**Exercise aim:**
Extract, from the records beneath this instruction, each line that contains the word "Inventor".

**Dataset content:**
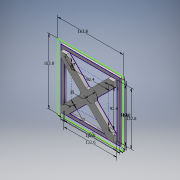
# Autodesk Inventor part: Lifting Motor Platform
Saved by Autodesk Inventor 2016 (Build 200138000, 138)
## iProperties
Created: 2016-03-08
Part Number: Lifting Motor Platform
Material: Generic
Document SubType Name: Modeling
Designer: Kenneth Daniel
Density: 1 g/cm^3
Appearance: Default
Author: Kenneth Daniel
Autodesk Inventor part; units mm, degrees
note: some values were not read from the file. Chosen so that the rebuilt part matches the saved one: sketch regions of "Extrusion5".
ref_plane "YZ Plane" through (0, 0, 0) normal (1, 0, 0) x (0, 1, 0)
ref_plane "XZ Plane" through (0, 0, 0) normal (0, 1, 0) x (-1, 0, 0)
ref_plane "XY Plane" through (0, 0, 0) normal (0, 0, 1) x (1, 0, 0)
sketch "Sketch1" plane through (0, 0, 0) normal (0, 1, 0) x (-1, 0, 0)
  line L0 (-81.5, 81.5) -> (81.5, -81.5) construction
  line L1 (-81.5, -81.5) -> (81.5, 81.5) construction
  line L2 (-66.3, 66.3) -> (66.3, -66.3) construction
  line L3 (-66.3, -66.3) -> (66.3, 66.3) construction
  line L4 (-81.9, 81.9) -> (-81.9, -81.9)
  line L5 (-81.9, -81.9) -> (81.9, -81.9)
  line L6 (81.9, -81.9) -> (81.9, 81.9)
  line L7 (81.9, 81.9) -> (-81.9, 81.9)
  line L8 (-66.1, 66.1) -> (-66.1, -66.1)
  line L9 (-66.1, -66.1) -> (66.1, -66.1)
  line L10 (66.1, -66.1) -> (66.1, 66.1)
  line L11 (66.1, 66.1) -> (-66.1, 66.1)
  line L12 (-66.1, 66.1) -> (66.1, -66.1) construction
  line L13 (-66.1, -66.1) -> (66.1, 66.1) construction
  line L14 (66.1, 51.9579) -> (17.2261, 3.084)
  line L15 (51.9579, 66.1) -> (3.084, 17.2261)
  line L16 (66.1, -51.9579) -> (14.1421, 0) construction
  line L17 (50.106, -64.2481) -> (3.084, -17.2261)
  arc A0 (-17.2261, -3.084) -> (-3.084, -17.2261) centre (0, 0) ccw
  arc A1 (-17.2261, 3.084) -> (-17.2261, -3.084) centre (0, 0) ccw
  line L18 (-14.1421, 0) -> (-17.2261, -3.084) construction
  line L19 (-3.084, 17.2261) -> (-51.9579, 66.1)
  line L20 (3.084, 17.2261) -> (0, 14.1421) construction
  line L21 (0, 14.1421) -> (-14.1421, 0) construction
  line L22 (14.1421, 0) -> (-3.084, 17.2261) construction
  arc A2 (17.2261, 3.084) -> (-17.2261, 3.084) centre (0, 0) ccw
  arc A3 (17.2261, -3.084) -> (17.2261, 3.084) centre (0, 0) ccw
  arc A4 (-3.084, -17.2261) -> (17.2261, -3.084) centre (0, 0) ccw
  line L23 (3.084, -17.2261) -> (0, -14.1421) construction
  line L24 (0, -14.1421) -> (-14.1421, 0) construction
  line L25 (17.2261, 3.084) -> (-3.084, -17.2261) construction
  line L26 (-3.084, -17.2261) -> (-51.9579, -66.1)
  line L27 (-17.2261, -3.084) -> (-66.1, -51.9579)
  line L28 (-17.2261, 3.084) -> (-64.2481, 50.106)
  line L29 (-14.1421, 0) -> (-17.2261, 3.084) construction
  line L30 (17.2261, -3.084) -> (66.1, -51.9579)
  line L31 (50.106, -64.2481) -> (51.9579, -66.1)
  line L32 (-64.2481, 50.106) -> (-66.1, 51.9579)
  line L33 (46.2, 46.2) -> (-46.2, 46.2) construction
  line L34 (-46.2, 46.2) -> (-46.2, -46.2) construction
  line L35 (-46.2, -46.2) -> (46.2, -46.2) construction
  line L36 (46.2, -46.2) -> (46.2, 46.2) construction
  line L37 (46.2, 46.2) -> (-46.2, -46.2) construction
  line L38 (-46.2, 46.2) -> (46.2, -46.2) construction
  circle A5 centre (46.2, -46.2) radius 1
  circle A6 centre (-46.2, -46.2) radius 1
  circle A7 centre (-46.2, 46.2) radius 1
  circle A8 centre (46.2, 46.2) radius 1
  line L39 (51.9579, 66.1) -> (66.1, 51.9579)
  line L40 (66.1, -51.9579) -> (51.9579, -66.1)
  line L41 (-51.9579, -66.1) -> (-66.1, -51.9579)
  line L42 (-66.1, 51.9579) -> (-51.9579, 66.1)
  line L43 (-74, 74) -> (-74, -74)
  line L44 (-74, -74) -> (74, -74)
  line L45 (74, -74) -> (74, 74)
  line L46 (74, 74) -> (-74, 74)
  line L47 (-74, 74) -> (74, -74) construction
  line L48 (-74, -74) -> (74, 74) construction
  dimension "d0" = 163
  dimension "d1" = 163
  dimension "d2" = 132.6
  dimension "d3" = 132.6
  dimension "d5" = 163.8
  dimension "d6" = 163.8
  dimension "d7" = 132.2
  dimension "d8" = 132.2
  dimension "d9" = 20
  dimension "d10" = 20
  dimension "d11" = 35
  dimension "d12" = 92.4
  dimension "d13" = 92.4
  dimension "d14" = 2
  dimension "d15" = 2
  dimension "d16" = 2
  dimension "d17" = 2
  dimension "d28" = 148
  dimension "d29" = 148
  constraints: 98 end point, 41 parallel, 23 point on line, 15 point on circle, 10 midpoint, 9 centre point, 7 perpendicular, 5 coincident, 2 vertical, 1 collinear, 1 horizontal, 2 other
  measures "d0" distance of L0.start L1.start
  measures "d1" distance of L0.end L1.start
  measures "d2" distance of L2.start L3.start
  measures "d3" distance of L2.end L3.start
  measures "d5" distance of L6.end L4.start
  measures "d6" distance of L5.end L6.end
  measures "d7" distance of L8.start L8.end
  measures "d8" distance of L9.end L8.end
  measures "d9" distance between parallel lines of L15 L14
  measures "d10" distance between parallel lines of L17 L16
  measures "d11" diameter of A0
  measures "d12" distance of L33.start L33.end
  measures "d13" distance of L34.end L33.end
  measures "d14" diameter of A5
  measures "d15" diameter of A6
  measures "d16" diameter of A7
  measures "d17" diameter of A8
  measures "d28" distance of L43.start L43.end
  measures "d29" distance of L44.end L43.end
extrude "Extrusion1" add sketch "Sketch1" along normal blind 5 contours L7 L6 L5 L4 | L46 L45 L44 L43
extrude "Extrusion2" add sketch "Sketch1" along normal blind 5 contours L11 L42 L8 | L41 L9 L8 | L11 L10 L39 | L40 L10 L9
extrude "Extrusion4" cut sketch "Sketch1" against normal blind 10 contours L11 L42 L8 | L42 L19 A2 L28 L32 | L41 L9 L8 | L27 A0 L26 L41 | L39 L14 A2 L15 | L11 L10 L39 | A2 A3 A4 A0 A1 | L40 L10 L9 | L31 L17 A4 L30 L40 | A7
extrude "Extrusion5" add sketch "Sketch1" against normal blind 8 contours L11 L42 L8 | L42 L19 A2 L28 L32 | L41 L9 L8 | L27 A0 L26 L41 | L39 L14 A2 L15 | L11 L10 L39 | A2 A3 A4 A0 A1 | L40 L10 L9 | L31 L17 A4 L30 L40
extrude "Extrusion6" cut sketch "Sketch1" along normal blind 8 contours L7 L6 L5 L4
body "Solid1"

**Result of this task:**
# Autodesk Inventor part: Lifting Motor Platform
Saved by Autodesk Inventor 2016 (Build 200138000, 138)
Autodesk Inventor part; units mm, degrees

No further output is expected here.